Данилова встала, отодвинула свой стул с прохода, затем, когда Телятников вышел, уже не садилась, отошла к окну на балкон и, заложив руки назад, оперлась о подоконник.
— Кажется, я опять вам не угодила, — сказала она холодно. — Вам так трудно угодить, между прочим. — Отошла подальше, чтобы легче на расстоянии перенести его колкости, на которые он всегда горазд, особенно по отношению к ней, испуганно ждала, чего он еще нагородит, — капли, видите ли, датского короля!..
А ему вспомнилась злосчастная барокамера и рассказ про случай не то в Ташкенте, не то в Чимкенте. Как она мило, с чисто женским страхом перед техникой рассказывала, увлеклась, забыла и свои прегрешения и козни Малышева, была искренна и беззащитна, а он ее — льдиной своего сарказма. Ну не зануда ли?

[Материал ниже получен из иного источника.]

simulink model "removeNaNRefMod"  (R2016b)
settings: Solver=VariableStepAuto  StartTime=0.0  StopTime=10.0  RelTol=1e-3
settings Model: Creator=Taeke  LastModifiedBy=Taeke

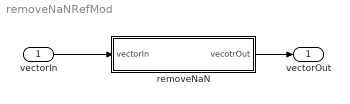
== system removeNaNRefMod ==
  vectorIn : Inport
  removeNaN : MATLAB Function  TreatAsAtomicUnit=on
  vectorOut : Outport
  wires:
  vectorIn/1 -> removeNaN/1(vectorIn)
  removeNaN/1(vecotrOut) -> vectorOut/1

== matlab function removeNaNRefMod/removeNaN ==
  data: vectorIn input; vecotrOut output [1..100]
function vecotrOut = removeNaN(vectorIn)
    vecotrOut = vectorIn(~isnan(vectorIn));
end
simulink model "Model_plane2_new_Old_vers"  (R2021b)
settings: Solver=FixedStepAuto  StartTime=0  StopTime=3000  FixedStep=1  RelTol=1e-3
model workspace (MAT data in the model file):
  Alfa = [-2 4 10 16]
  Alfa_RUD = 0.55
  Alfa_table = [-4 0 5 10 20]
  Alfa_y = [-4 6 8 9 10 12 14]
  Cxa_table = [0.03434 0.02598 0.04151 0.122 0.502 0.0358 0.0252 0.0505 0.1649 0.538 0.04274 0.0262 ... (15 elements, 5x3)]
  Cy_DB = [0.01242 0.01286 0.01457]
  Cy_fi = [0.00623 0.00643 0.00626]
  Cya = [-0.276 0.859 1.085 1.2 1.296 1.45 1.461 -0.33 0.991 1.211 1.275 1.29 ... (21 elements, 7x3)]
  Del_B = -5
  H = [339 3256 4060 8000 12000]
  H_table = [0 2000 4000 6000 8000 10000]
  I = [1000 1000 4500000]
  K_dH = -0.3
  K_p = 0.3
  K_roll = 1
  K_w = 1.5
  K_wx = 1
  K_wy = 1
  Ki_H = 1e-05
  Ki_P = 1
  Ki_V = 0.009
  Ki_n = 1
  Kp_H = 0.03
  Kp_P = 1
  Kp_V = 0.9
  Kp_n = 1
  M_C = [0.4 0.6 0.82]
  M_mz = [0.2 0.4 0.6 0.8]
  M_mz2 = [0.4 0.7 0.85]
  M_table = [0.4 0.7 0.82]
  M_y = [0.4 0.7 0.82]
  P = [70000 56000 44800 35840 28672]
  Psi0 = 0
  Skr = 131
  Teta0 = 0
  V0 = 135
  a_table = [340.3 339.5 338.8 338 337.2 336.4]
  ba = 3.466
  fi = 0
  fi_P = 2
  g = 9.81
  lz = 4500000
  mla = 60000
  mz_DB = [-0.035 -0.0358 -0.037 -0.0377]
  mz_alfa = [-0.0282 -0.0282 -0.0289 -0.0404]
  mz_alfa2 = [-8.163  -8.762  -9.714; -8.163  -8.762  -9.583; -7.975  -7.991  -7.868; -6.514  -6.413  -6.732]
  mz_fi = [-0.0695 -0.0714 -0.0739 -0.0832]
  mz_omz = [-23.768  -25.3  -28.284; -23.768  -25.3  -27.903; -23.222  -22.6  -23.32; -18.967  -18.52  -19.601]
  n_dvig = 2
  out : Simulink.SimulationOutput (value not decoded)
  pitch = 1
  pitch0 = 0
  q_table = [1.225 1.0065 0.8194 0.6601 0.5258 0.4135]
  roll0 = 0
  wx0 = 0
  wy0 = 0
  wz0 = 0
  x0 = 0
  xy = [240000 6200]
  y0 = 5000
  yaw0 = 0
  z0 = 0
libraries: simulink x10
(part 2 of 2)

== matlab function Model_plane2_new_Old_vers/Динамика самолёта/Вектор внешних сил/MATLAB Function ==
  data: mla input; l input; W output; g input; k input
function W = fcn(mla,l,g,k)
W=[-k*mla*g;-l*mla*g;0];

== matlab function Model_plane2_new_Old_vers/Динамика самолёта/Вектор проекций аэродинамических сил/MATLAB Function ==
  data: A input; Fk output; P input; W input; Teta input; Psi input; Alfa input; Beta input; roll_a input; yaw input; pitch input; roll input
function Fk = fcn(A,P,W,Teta,Psi,Alfa,Beta,roll_a,yaw,pitch,roll)

yaw_a=Psi;
pitch_a=Teta;


D_g_k = [cos(Psi)*cos(Teta), sin(Teta), -sin(Psi)*cos(Teta);
        -cos(Psi)*sin(Teta), cos(Teta), sin(Psi)*sin(Teta);
        sin(Psi), 0, cos(Psi)];

D_gv = [cos(yaw_a)*cos(pitch_a), sin(pitch_a), -sin(yaw_a)*cos(pitch_a);
        -cos(yaw_a)*sin(pitch_a)*cos(roll_a) + sin(yaw_a)*sin(roll_a), cos(pitch_a)*cos(roll_a), cos(yaw_a)*sin(roll_a) + sin(yaw_a)*sin(pitch_a)*cos(roll_a);
        cos(yaw_a)*sin(pitch_a)*sin(roll_a) + sin(yaw_a)*cos(roll_a), -cos(pitch_a)*sin(roll_a), cos(yaw_a)*cos(roll_a) - sin(yaw_a)*sin(pitch_a)*sin(roll_a)];
 
D_g_cv=[cos(yaw)*cos(pitch), sin(pitch), -sin(yaw)*cos(pitch);
    sin(yaw)*sin(roll)-cos(yaw)*sin(pitch)*cos(roll), cos(pitch)*cos(roll), cos(yaw)*sin(roll)+sin(yaw)*sin(pitch)*cos(roll);
    sin(yaw)*cos(roll)+cos(yaw)*sin(pitch)*sin(roll), -cos(pitch)*sin(roll), cos(yaw)*cos(roll)-sin(yaw)*sin(pitch)*sin(roll)];

D_cv_a = [cos(Alfa)*cos(Beta), -sin(Alfa)*cos(Beta), sin(Beta);
        sin(Alfa), cos(Alfa), 0;
        -cos(Alfa)*sin(Beta), sin(Alfa)*sin(Beta), cos(Beta)];

Fk = D_g_k * (D_g_cv' * (D_cv_a' * A + P) + W);

== matlab function Model_plane2_new_Old_vers/Динамика самолёта/Блок расчёта параметров стандартной атмосферы/MATLAB Function ==
  data: ro input; a input; q output; V input; M output
function [q, M] = fcn(ro, a, V)

q=(ro*V^2)/2;
M=V/a;

== matlab function Model_plane2_new_Old_vers/Динамика самолёта/Расчёт вектора мометнов Mx,My,Mz/Расчёт M_x (момент крена)/MATLAB Function ==
  data: u input; M_x output
function M_x = fcn(u)
c=0;

M_x = c*u;

== matlab function Model_plane2_new_Old_vers/Динамика самолёта/Вектор тяги двигателя/Проекции аэродинамических сил ==
  data: Px output; fi_p input; P input; alfa_Rud input; n_dvig input; Py output
function [Px, Py] = fcn(fi_p,P,alfa_Rud,n_dvig)

Px=cos(fi_p)*(n_dvig*alfa_Rud*P);
Py=sin(fi_p)*(n_dvig*alfa_Rud*P);

== matlab function Model_plane2_new_Old_vers/Динамика самолёта/Расчёт вектора мометнов Mx,My,Mz/Вектор моментов ==
  data: M_x input; M output; M_y input; M_z input
function M = fcn(M_x, M_y, M_z)

M=[M_x; M_y; M_z];

— Я решила повременить. Я еще слишком мало работаю на новом месте, вы правы. — Она боится его, но пришла сюда не подпевать ему, показывать свои лапки кверху. Пусть он брякнет что-нибудь снова, она вытерпит. — Я подам заявление обязательно, только потом. Через год или через два. Или я опять, по-вашему, не права?